Presto has also been widely used in the past two years. This in-memory MPP engine can handle small amounts of data very quickly, while large amounts of data can be difficult. Impala also performs very well, but its path is relatively closed, the community ecology is slow, SQL compatibility is poor, and the user base is relatively small.

The Hadoop ecosystem is bound to move to the cloud, and IOT deserves long-term attention

Hadoop is now 12 years old. Where will the Hadoop ecosystem be in the future? Du Junping said that in the future, the ecosystem of Hadoop will develop towards the direction of cloud, and simplified operation and maintenance or even free operation and maintenance is not only the demand of users but also the advantage of cloud vendors. More and more data is generated, stored and consumed in the cloud, thus forming the closed loop of data life cycle in the cloud — data lake. So data security and privacy protection technology on the cloud is very important.

In addition, the deployment and application of Hadoop on hybrid cloud will also be an important trend. However, the technology and architecture in this area are not very mature and need continuous innovation and creation. In this context, traditional Hadoop distribution vendors will have less say at the technical and business level, while cloud vendors will have more say. Another trend is that the Hadoop ecosystem will continue to grow towards data applications, emphasizing the shift from data processing to data governance. More convenient ETL tools, metadata management and data governance tools will gradually mature and improve. Finally, the Hadoop ecosystem will evolve from a pure big data platform to an integrated data and machine learning platform, which will help many AI application scenarios in the future.

Du junping told AI Frontier that IOT is an area worthy of long-term attention among the more important development directions of big data in the future. In the history of big data development, this part of the business development cycle is short, many technologies are not very mature, and standards are not completely unified. In addition, there is room for technological change in big data products on the cloud, such as cross-data center/cloud solutions, automated critical data business migration, data privacy protection, automatic machine learning, etc. There will be more innovative products to impress and attract users to the cloud in the future.

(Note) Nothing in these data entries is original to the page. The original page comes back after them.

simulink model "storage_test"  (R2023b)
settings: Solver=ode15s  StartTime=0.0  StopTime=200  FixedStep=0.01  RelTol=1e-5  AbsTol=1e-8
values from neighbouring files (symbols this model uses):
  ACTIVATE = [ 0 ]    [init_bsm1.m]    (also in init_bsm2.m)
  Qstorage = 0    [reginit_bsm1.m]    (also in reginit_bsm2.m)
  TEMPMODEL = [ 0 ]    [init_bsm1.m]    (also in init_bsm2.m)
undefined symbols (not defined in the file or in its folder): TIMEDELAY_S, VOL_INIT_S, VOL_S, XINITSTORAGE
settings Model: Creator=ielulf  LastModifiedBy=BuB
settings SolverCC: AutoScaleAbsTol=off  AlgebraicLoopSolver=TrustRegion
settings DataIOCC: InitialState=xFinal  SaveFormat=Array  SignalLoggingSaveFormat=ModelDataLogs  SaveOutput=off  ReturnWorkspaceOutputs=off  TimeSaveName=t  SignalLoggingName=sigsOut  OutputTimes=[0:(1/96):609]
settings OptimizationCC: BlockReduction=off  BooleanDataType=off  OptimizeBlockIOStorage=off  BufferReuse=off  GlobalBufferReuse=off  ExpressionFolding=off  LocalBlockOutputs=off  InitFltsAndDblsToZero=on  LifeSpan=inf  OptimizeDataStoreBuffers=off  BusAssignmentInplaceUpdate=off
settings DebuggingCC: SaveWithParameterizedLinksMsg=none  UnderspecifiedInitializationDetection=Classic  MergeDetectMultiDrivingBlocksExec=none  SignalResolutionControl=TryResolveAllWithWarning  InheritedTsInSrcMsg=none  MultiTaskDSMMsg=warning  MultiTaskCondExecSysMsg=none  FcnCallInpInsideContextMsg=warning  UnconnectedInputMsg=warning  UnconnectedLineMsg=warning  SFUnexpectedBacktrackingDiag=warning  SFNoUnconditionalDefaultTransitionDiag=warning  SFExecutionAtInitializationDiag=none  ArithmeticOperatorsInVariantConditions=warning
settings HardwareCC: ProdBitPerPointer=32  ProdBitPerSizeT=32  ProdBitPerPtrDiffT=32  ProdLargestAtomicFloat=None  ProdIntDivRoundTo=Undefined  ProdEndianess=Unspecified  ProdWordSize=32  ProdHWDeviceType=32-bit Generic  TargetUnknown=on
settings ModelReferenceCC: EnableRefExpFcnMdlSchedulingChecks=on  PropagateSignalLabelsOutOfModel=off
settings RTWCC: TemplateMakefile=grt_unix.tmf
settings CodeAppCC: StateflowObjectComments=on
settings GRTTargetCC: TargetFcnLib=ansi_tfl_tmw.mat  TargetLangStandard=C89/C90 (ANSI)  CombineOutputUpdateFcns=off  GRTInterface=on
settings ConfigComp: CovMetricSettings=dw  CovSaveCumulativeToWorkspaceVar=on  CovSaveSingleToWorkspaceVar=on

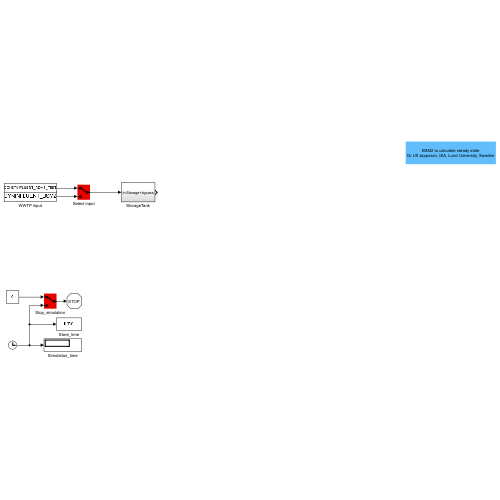
[thumbnail: Simulink's stored preview of the top-level diagram]
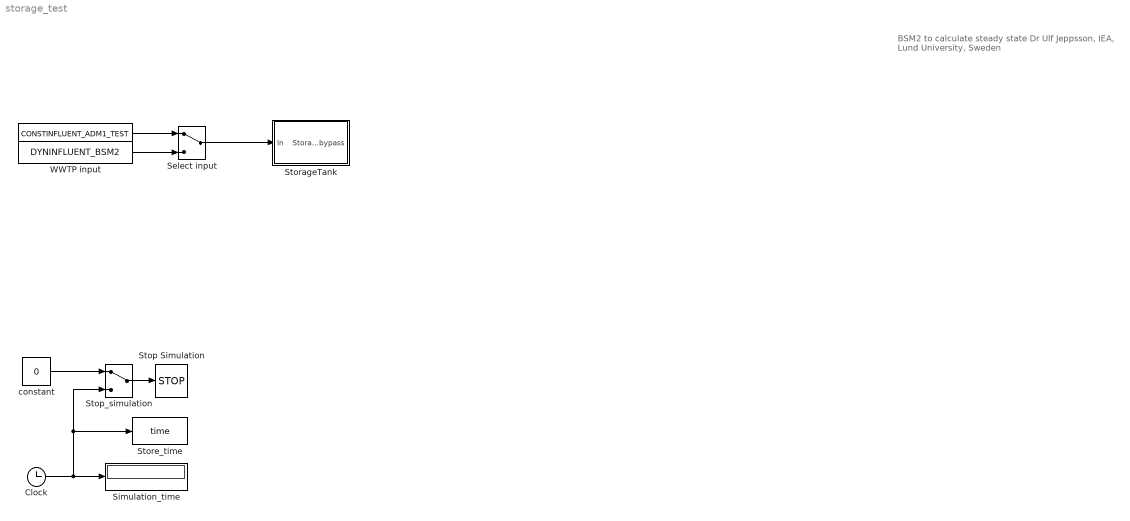
== system storage_test ==
  note: BSM2 to calculate steady state
      |  Dr Ulf Jeppsson, IEA, Lund University, Sweden
  " " : FromWorkspace  VariableName=CONSTINFLUENT_ADM1_TEST  SampleTime=-1  ZeroCross=off  OutputAfterFinalValue=Holding final value
  " constant" : Constant  Value=0
  Clock : Clock
  Select input : ManualSwitch
  Simulation_time : Display
  Stop Simulation : Stop
  Stop_simulation : ManualSwitch
  StorageTank : Subsystem
  Store_time : ToWorkspace  VariableName=time
  WWTP input : FromWorkspace  VariableName=DYNINFLUENT_BSM2  SampleTime=-1  ZeroCross=off  OutputAfterFinalValue=Holding final value
  wires:
  Clock/1 -> Simulation_time/1, Stop_simulation/2, Store_time/1
  Stop_simulation/1 -> Stop Simulation/1
  " constant"/1 -> Stop_simulation/1
  Select input/1 -> StorageTank/1(In)
  " "/1 -> Select input/1
  WWTP input/1 -> Select input/2

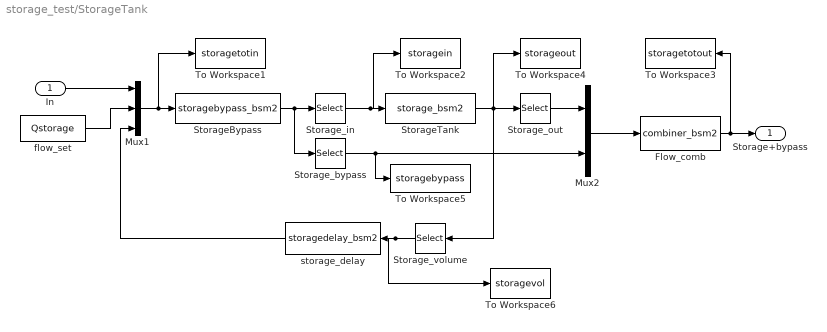
== system storage_test/StorageTank ==
  In : Inport
  Flow_comb : S-Function  FunctionName=combiner_bsm2  SFunctionDeploymentMode=off  EnableBusSupport=off
  Mux1 : Mux  Inputs=3
  Mux2 : Mux  Inputs=2
  StorageBypass : S-Function  FunctionName=storagebypass_bsm2  Parameters=VOL_S  SFunctionDeploymentMode=off  EnableBusSupport=off
  StorageTank : S-Function  FunctionName=storage_bsm2  Parameters=XINITSTORAGE,VOL_S,TEMPMODEL,ACTIVATE  SFunctionDeploymentMode=off  EnableBusSupport=off
  Storage_bypass : Selector  InputPortWidth=43  IndexOptions=Index vector (dialog)  Indices=[23:43]  OutputSizes=1
  Storage_in : Selector  InputPortWidth=43  IndexOptions=Index vector (dialog)  Indices=[1:22]  OutputSizes=1
  Storage_out : Selector  InputPortWidth=22  IndexOptions=Index vector (dialog)  Indices=[1:21]  OutputSizes=1
  Storage_volume : Selector  InputPortWidth=22  IndexOptions=Index vector (dialog)  Indices=[22]  OutputSizes=1
  To Workspace1 : ToWorkspace  VariableName=storagetotin
  To Workspace2 : ToWorkspace  VariableName=storagein
  To Workspace3 : ToWorkspace  VariableName=storagetotout
  To Workspace4 : ToWorkspace  VariableName=storageout
  To Workspace5 : ToWorkspace  VariableName=storagebypass
  To Workspace6 : ToWorkspace  VariableName=storagevol
  flow_set : Constant  Value=Qstorage
  storage_delay : S-Function  FunctionName=storagedelay_bsm2  Parameters=VOL_INIT_S,TIMEDELAY_S  SFunctionDeploymentMode=off  EnableBusSupport=off
  Storage+bypass : Outport
  wires:
  Flow_comb/1 -> Storage+bypass/1, To Workspace3/1
  Storage_volume/1 -> To Workspace6/1, storage_delay/1
  In/1 -> Mux1/1
  Storage_out/1 -> Mux2/1
  StorageTank/1 -> Storage_volume/1, To Workspace4/1, Storage_out/1
  Storage_bypass/1 -> To Workspace5/1, Mux2/2
  Storage_in/1 -> To Workspace2/1, StorageTank/1
  Mux2/1 -> Flow_comb/1
  StorageBypass/1 -> Storage_bypass/1, Storage_in/1
  flow_set/1 -> Mux1/2
  Mux1/1 -> To Workspace1/1, StorageBypass/1
  storage_delay/1 -> Mux1/3
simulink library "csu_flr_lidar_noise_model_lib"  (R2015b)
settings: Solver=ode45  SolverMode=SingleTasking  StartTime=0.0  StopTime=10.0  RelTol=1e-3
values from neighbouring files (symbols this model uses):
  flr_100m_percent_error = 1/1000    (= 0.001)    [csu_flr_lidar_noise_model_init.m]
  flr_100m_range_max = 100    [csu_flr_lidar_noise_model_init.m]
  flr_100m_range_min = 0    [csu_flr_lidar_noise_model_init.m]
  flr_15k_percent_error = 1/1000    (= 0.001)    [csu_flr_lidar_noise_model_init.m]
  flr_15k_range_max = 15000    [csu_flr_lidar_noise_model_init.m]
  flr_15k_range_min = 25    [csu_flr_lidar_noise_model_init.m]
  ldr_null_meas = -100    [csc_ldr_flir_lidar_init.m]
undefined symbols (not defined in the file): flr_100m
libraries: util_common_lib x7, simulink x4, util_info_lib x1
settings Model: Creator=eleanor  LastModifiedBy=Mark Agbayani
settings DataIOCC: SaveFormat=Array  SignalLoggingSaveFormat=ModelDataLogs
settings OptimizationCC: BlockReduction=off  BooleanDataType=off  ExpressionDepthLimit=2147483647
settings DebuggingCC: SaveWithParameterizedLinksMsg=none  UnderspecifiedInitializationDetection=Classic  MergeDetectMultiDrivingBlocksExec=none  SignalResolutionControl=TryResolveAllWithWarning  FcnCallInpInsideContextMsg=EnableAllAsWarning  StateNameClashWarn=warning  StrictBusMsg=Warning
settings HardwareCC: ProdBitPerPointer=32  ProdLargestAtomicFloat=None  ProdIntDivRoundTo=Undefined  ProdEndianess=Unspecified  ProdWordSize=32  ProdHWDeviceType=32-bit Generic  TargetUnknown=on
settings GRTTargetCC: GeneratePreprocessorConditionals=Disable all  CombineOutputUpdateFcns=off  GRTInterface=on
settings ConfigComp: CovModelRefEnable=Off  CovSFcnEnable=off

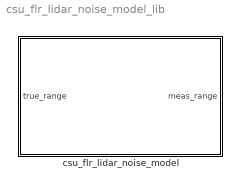
== system csu_flr_lidar_noise_model_lib ==
  csu_flr_lidar_noise_model : Subsystem  SystemSampleTime=0.1  mask{model_type=flr_100m}
      mask prompts: model_type "FLIR Unit Type"

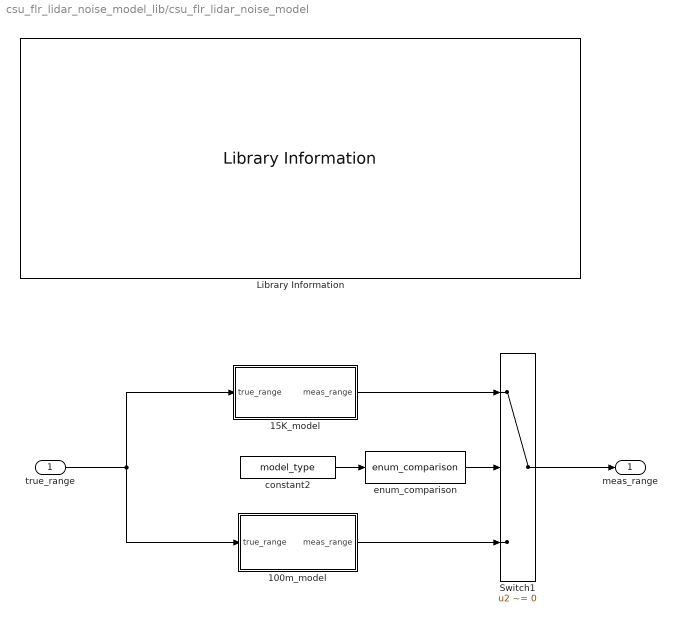
== system csu_flr_lidar_noise_model_lib/csu_flr_lidar_noise_model ==
  true_range : Inport
  100m_model : Subsystem  TreatAsAtomicUnit=on
  15K_model : Subsystem  TreatAsAtomicUnit=on
  Library Information : util_info_lib/Library Information  owner='NONE'
  Switch1 : Switch  Criteria=u2 ~= 0  InputSameDT=on
  constant2 : Constant  Value=model_type
  enum_comparison : util_common_lib/enum_comparison  comparison_type===
  meas_range : Outport
  wires:
  15K_model/1(meas_range) -> Switch1/1
  100m_model/1(meas_range) -> Switch1/3
  enum_comparison/1 -> Switch1/2
  Switch1/1 -> meas_range/1
  true_range/1 -> 100m_model/1(true_range), 15K_model/1(true_range)
  constant2/1 -> enum_comparison/1

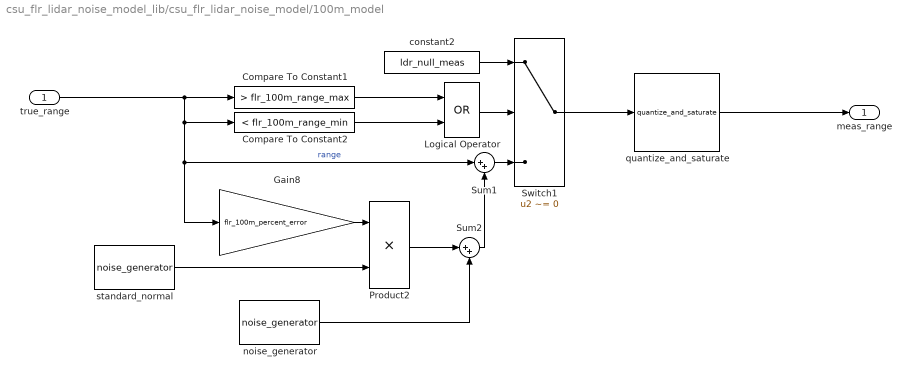
== system csu_flr_lidar_noise_model_lib/csu_flr_lidar_noise_model/100m_model ==
  true_range : Inport
  Compare To Constant1 : simulink/Logic and Bit Operations/Compare To Constant  relop=>  const=flr_100m_range_max  OutDataTypeStr=uint8
  Compare To Constant2 : simulink/Logic and Bit Operations/Compare To Constant  relop=<  const=flr_100m_range_min  OutDataTypeStr=uint8
  Gain8 : Gain  Gain=flr_100m_percent_error
  Logical Operator : Logic  Operator=OR  AllPortsSameDT=off  OutDataTypeStr=boolean
  Product2 : Product  RndMeth=Zero
  Sum1 : Sum  Inputs=|++
  Sum2 : Sum  Inputs=|++
  Switch1 : Switch  Criteria=u2 ~= 0
  constant2 : Constant  Value=ldr_null_meas
  noise_generator : util_common_lib/noise_generator  std_dev=flr_100m_1sig_noise  bias=0  seed=100  on=1  sample_time=sim_time_step_size
  quantize_and_saturate : util_common_lib/quantize_and_saturate  RES=flr_100m_resolution  OPER=round  out_min=-inf  out_max=inf
  standard_normal : util_common_lib/noise_generator  std_dev=1  bias=0  seed=1  on=1  sample_time=sim_time_step_size
  meas_range : Outport
  wires:
  quantize_and_saturate/1 -> meas_range/1
  Switch1/1 -> quantize_and_saturate/1
  true_range/1 -> Compare To Constant1/1, Compare To Constant2/1, Gain8/1, Sum1/1  "range"
  Gain8/1 -> Product2/1
  standard_normal/1 -> Product2/2
  Product2/1 -> Sum2/1
  noise_generator/1 -> Sum2/2
  Compare To Constant1/1 -> Logical Operator/1
  Compare To Constant2/1 -> Logical Operator/2
  Logical Operator/1 -> Switch1/2
  Sum1/1 -> Switch1/3
  Sum2/1 -> Sum1/2
  constant2/1 -> Switch1/1

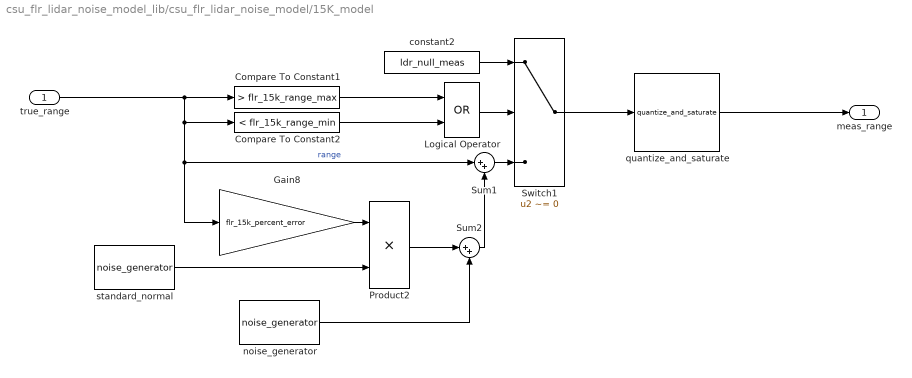
== system csu_flr_lidar_noise_model_lib/csu_flr_lidar_noise_model/15K_model ==
  true_range : Inport
  Compare To Constant1 : simulink/Logic and Bit Operations/Compare To Constant  relop=>  const=flr_15k_range_max  OutDataTypeStr=uint8
  Compare To Constant2 : simulink/Logic and Bit Operations/Compare To Constant  relop=<  const=flr_15k_range_min  OutDataTypeStr=uint8
  Gain8 : Gain  Gain=flr_15k_percent_error
  Logical Operator : Logic  Operator=OR  AllPortsSameDT=off  OutDataTypeStr=boolean
  Product2 : Product  RndMeth=Zero
  Sum1 : Sum  Inputs=|++
  Sum2 : Sum  Inputs=|++
  Switch1 : Switch  Criteria=u2 ~= 0
  constant2 : Constant  Value=ldr_null_meas
  noise_generator : util_common_lib/noise_generator  std_dev=flr_15k_1sig_noise  bias=0  seed=100  on=1  sample_time=sim_time_step_size
  quantize_and_saturate : util_common_lib/quantize_and_saturate  RES=flr_15k_resolution  OPER=round  out_min=-inf  out_max=inf
  standard_normal : util_common_lib/noise_generator  std_dev=1  bias=0  seed=1  on=1  sample_time=sim_time_step_size
  meas_range : Outport
  wires:
  quantize_and_saturate/1 -> meas_range/1
  Switch1/1 -> quantize_and_saturate/1
  true_range/1 -> Compare To Constant1/1, Compare To Constant2/1, Gain8/1, Sum1/1  "range"
  Gain8/1 -> Product2/1
  standard_normal/1 -> Product2/2
  Product2/1 -> Sum2/1
  noise_generator/1 -> Sum2/2
  Compare To Constant1/1 -> Logical Operator/1
  Compare To Constant2/1 -> Logical Operator/2
  Logical Operator/1 -> Switch1/2
  Sum1/1 -> Switch1/3
  Sum2/1 -> Sum1/2
  constant2/1 -> Switch1/1

Tencent Cloud will focus on the core pain points of cloud big data users and formulate corresponding technology and product routes. As for the underlying platform architecture of big data platform, Tencent Cloud will pay more attention to serverless, pay attention to the balance between performance and cost, and improve resource utilization will be a long-term direction. The Hadoop ecosystem will continue to play an important role as the market recognizes open and open source products and solutions. Tencent Cloud will continue to contribute to the open source community and work with the community to create better and newer technologies to meet the needs of the future.

conclusion

Hadoop has taken 12 years to grow from an emerging open source project to a standard big data platform. Now the Hadoop ecosystem inside facing competitive pressure from many young open source components, evolution is also very normal, there is no perfect open source platform, with the advantages of existing, the Hadoop ecosystem status is still very strong, but the future is also can coruscate gives new vitality, or in the process of comprehensive cloud faded away, Is still an unknown quantity.